Search the material for lines containing the word "fill", and copy each one.

**Given data:**
|---|

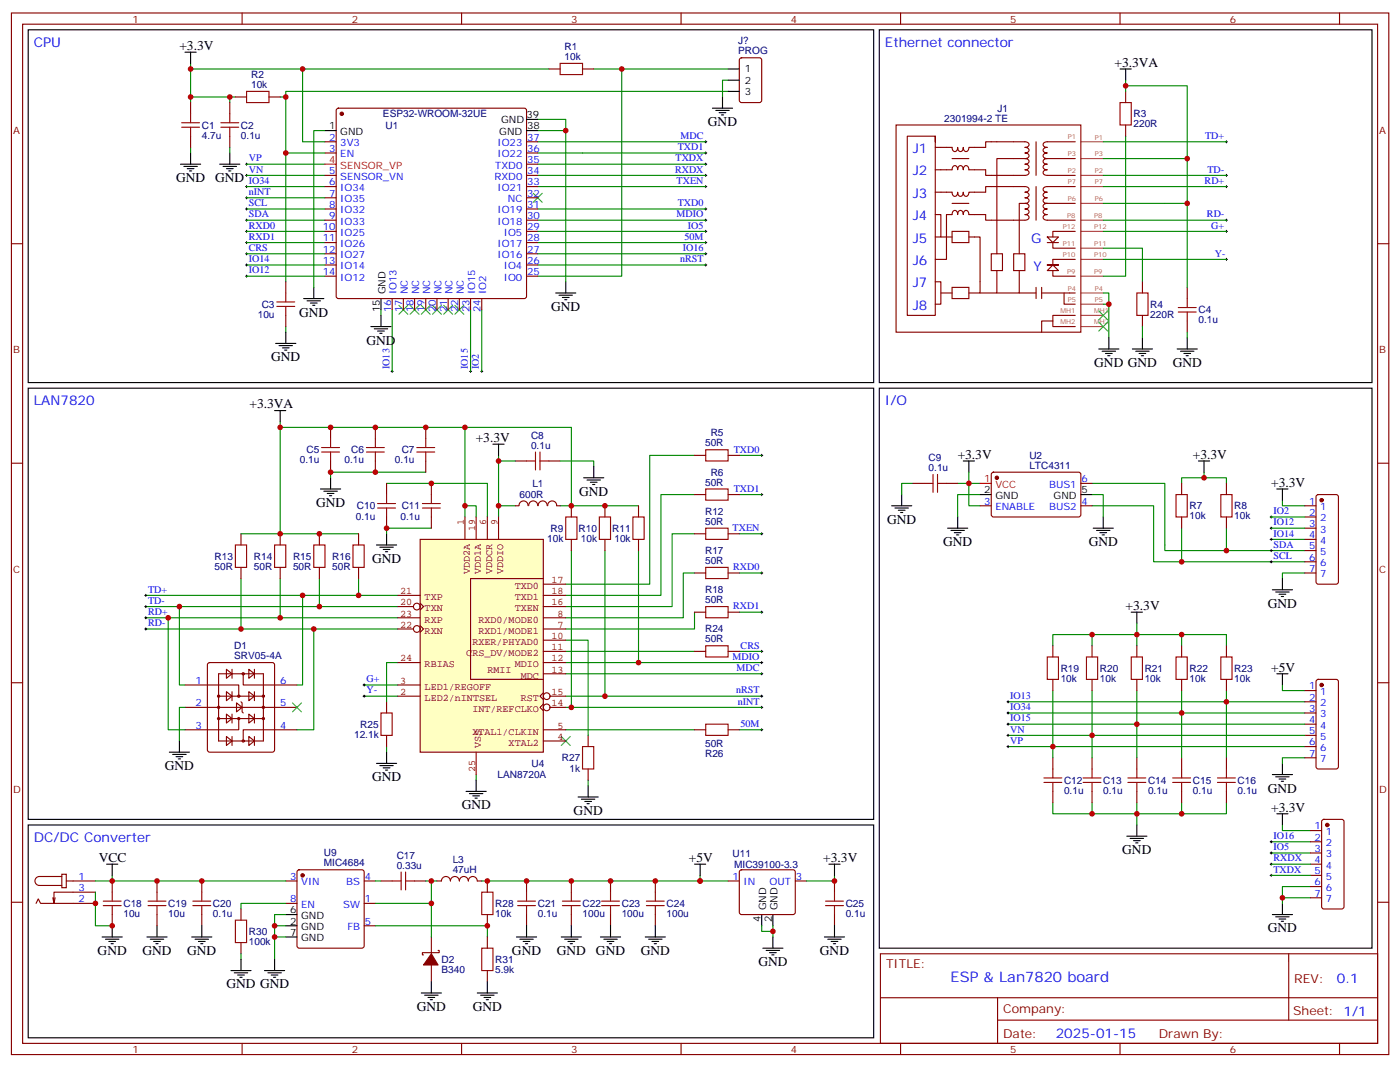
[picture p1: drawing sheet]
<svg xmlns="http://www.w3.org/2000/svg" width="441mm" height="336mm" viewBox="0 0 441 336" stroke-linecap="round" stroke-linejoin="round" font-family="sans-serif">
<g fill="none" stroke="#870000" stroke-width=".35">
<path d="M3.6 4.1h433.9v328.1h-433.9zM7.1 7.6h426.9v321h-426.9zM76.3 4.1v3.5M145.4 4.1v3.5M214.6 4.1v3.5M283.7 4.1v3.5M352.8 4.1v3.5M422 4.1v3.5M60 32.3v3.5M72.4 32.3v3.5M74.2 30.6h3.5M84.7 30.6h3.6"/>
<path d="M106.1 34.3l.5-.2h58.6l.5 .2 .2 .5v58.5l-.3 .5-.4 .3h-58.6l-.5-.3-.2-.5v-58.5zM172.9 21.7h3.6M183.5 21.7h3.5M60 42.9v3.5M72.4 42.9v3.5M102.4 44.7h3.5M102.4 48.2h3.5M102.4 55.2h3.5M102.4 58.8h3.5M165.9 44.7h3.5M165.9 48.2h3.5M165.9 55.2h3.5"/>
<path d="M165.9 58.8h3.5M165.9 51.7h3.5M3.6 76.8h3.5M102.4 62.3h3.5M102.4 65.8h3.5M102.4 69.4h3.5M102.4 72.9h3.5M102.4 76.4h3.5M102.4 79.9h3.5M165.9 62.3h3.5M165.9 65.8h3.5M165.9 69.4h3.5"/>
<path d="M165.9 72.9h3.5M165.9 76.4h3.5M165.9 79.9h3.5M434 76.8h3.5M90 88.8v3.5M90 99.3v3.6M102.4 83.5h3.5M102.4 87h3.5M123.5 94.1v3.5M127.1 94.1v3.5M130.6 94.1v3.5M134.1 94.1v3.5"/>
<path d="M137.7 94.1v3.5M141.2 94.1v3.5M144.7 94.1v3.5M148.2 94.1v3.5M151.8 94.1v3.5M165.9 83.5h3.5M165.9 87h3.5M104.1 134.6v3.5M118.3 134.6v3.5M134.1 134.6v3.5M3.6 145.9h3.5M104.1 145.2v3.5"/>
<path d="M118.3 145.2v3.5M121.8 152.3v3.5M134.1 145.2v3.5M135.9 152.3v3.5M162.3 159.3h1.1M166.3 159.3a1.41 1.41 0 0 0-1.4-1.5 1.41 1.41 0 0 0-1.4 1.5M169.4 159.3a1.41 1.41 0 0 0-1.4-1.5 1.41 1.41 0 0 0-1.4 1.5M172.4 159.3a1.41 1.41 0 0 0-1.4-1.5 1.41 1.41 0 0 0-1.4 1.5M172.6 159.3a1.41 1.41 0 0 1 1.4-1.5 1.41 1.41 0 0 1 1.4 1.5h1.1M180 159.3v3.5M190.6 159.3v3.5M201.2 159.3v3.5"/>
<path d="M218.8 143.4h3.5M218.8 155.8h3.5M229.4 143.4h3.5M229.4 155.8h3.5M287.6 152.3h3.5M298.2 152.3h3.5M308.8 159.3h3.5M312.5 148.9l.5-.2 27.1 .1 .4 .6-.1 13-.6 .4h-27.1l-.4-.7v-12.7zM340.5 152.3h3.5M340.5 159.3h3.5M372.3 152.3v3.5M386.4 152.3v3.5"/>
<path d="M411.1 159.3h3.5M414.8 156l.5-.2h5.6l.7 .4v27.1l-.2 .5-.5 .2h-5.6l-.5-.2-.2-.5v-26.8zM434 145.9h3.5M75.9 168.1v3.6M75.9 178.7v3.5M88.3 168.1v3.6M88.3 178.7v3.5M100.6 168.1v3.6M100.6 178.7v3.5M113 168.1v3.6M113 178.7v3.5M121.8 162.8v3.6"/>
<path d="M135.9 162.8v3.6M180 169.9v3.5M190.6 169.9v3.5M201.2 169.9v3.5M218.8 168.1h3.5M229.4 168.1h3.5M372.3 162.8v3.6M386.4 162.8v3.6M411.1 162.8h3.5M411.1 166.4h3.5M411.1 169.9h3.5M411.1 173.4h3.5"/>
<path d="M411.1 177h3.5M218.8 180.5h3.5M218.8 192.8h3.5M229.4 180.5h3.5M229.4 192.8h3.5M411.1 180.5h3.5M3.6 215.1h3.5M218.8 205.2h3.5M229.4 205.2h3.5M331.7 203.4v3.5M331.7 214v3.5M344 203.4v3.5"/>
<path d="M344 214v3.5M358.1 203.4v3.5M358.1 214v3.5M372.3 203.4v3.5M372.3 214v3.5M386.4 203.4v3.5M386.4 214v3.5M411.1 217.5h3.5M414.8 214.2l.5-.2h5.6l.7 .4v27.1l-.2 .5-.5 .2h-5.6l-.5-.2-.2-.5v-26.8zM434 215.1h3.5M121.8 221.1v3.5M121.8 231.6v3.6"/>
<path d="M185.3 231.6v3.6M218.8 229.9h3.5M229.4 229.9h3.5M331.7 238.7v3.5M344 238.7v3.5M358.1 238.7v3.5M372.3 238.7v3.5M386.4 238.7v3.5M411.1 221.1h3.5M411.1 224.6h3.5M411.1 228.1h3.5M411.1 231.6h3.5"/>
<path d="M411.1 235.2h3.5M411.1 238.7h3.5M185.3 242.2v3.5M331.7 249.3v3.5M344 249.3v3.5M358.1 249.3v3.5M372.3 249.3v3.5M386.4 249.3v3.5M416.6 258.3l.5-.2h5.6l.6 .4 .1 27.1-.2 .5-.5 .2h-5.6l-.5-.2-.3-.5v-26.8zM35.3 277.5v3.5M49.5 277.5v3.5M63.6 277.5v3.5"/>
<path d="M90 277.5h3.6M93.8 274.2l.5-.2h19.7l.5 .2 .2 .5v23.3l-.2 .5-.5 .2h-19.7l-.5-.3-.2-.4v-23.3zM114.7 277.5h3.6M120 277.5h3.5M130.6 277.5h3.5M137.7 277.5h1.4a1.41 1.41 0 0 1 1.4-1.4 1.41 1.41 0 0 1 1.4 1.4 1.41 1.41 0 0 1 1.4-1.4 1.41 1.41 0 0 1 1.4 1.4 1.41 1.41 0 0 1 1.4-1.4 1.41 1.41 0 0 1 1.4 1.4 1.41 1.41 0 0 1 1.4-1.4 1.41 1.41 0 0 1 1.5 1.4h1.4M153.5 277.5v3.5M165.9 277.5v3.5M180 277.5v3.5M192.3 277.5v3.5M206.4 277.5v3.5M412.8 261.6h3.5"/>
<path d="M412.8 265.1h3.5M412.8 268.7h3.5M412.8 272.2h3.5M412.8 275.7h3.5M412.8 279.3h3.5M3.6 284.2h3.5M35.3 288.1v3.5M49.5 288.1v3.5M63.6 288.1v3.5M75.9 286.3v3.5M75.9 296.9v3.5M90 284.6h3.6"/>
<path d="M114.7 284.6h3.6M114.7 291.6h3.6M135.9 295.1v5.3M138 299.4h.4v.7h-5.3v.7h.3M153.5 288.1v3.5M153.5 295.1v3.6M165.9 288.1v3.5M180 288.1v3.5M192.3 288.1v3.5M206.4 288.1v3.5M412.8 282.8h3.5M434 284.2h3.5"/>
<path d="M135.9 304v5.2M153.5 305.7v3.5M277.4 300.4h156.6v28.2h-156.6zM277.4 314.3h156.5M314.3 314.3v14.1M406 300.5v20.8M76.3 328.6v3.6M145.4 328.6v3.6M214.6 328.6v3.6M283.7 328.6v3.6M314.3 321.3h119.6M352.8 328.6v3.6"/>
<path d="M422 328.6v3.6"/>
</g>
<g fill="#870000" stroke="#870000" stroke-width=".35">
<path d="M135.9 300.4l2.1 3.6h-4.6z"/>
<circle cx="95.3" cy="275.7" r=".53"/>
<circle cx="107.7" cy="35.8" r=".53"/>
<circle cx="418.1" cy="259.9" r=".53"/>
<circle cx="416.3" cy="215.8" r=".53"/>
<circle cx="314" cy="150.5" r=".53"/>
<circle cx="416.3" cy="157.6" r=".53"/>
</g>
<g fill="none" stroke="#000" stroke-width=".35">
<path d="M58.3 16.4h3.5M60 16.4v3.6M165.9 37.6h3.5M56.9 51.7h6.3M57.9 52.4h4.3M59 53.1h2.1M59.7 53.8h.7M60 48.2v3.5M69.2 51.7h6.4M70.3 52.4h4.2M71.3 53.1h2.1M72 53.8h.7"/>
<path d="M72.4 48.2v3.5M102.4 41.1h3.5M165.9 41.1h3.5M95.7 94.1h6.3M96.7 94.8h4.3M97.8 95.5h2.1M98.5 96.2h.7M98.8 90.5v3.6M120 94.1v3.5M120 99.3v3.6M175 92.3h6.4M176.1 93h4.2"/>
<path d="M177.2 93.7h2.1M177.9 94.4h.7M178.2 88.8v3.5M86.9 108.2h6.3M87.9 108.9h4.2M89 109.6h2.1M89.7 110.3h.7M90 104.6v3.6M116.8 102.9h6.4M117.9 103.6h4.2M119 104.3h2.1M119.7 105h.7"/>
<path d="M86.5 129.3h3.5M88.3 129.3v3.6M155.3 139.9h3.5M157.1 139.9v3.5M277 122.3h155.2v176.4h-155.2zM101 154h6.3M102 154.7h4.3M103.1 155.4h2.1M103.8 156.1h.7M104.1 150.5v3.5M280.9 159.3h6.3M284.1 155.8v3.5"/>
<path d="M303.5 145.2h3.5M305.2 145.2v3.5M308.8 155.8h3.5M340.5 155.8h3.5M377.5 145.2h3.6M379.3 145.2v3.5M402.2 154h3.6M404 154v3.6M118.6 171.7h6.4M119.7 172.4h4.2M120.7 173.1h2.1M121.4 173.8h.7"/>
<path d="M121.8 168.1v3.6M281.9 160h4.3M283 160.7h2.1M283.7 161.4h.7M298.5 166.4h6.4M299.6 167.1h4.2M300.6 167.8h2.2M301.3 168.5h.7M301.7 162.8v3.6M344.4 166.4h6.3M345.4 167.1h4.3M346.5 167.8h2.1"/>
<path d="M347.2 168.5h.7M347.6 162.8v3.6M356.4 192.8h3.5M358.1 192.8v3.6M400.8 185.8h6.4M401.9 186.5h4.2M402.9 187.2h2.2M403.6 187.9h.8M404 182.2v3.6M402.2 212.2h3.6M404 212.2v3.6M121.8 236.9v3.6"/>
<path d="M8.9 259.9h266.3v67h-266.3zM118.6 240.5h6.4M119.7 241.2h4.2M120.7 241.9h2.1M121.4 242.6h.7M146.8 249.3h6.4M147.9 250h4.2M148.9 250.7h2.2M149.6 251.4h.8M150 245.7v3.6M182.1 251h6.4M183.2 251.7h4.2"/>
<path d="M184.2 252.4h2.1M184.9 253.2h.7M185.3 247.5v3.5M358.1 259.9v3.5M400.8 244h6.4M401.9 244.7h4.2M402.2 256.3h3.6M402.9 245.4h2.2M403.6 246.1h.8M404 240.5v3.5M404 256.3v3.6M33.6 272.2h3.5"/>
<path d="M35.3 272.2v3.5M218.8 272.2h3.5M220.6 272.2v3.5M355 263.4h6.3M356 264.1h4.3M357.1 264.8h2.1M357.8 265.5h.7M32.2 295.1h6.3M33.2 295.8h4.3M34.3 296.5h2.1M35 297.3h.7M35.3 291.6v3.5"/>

|---|

**Result of the task:**
<g fill="none" stroke="#870000" stroke-width=".35">
<g fill="#870000" stroke="#870000" stroke-width=".35">
<g fill="none" stroke="#000" stroke-width=".35">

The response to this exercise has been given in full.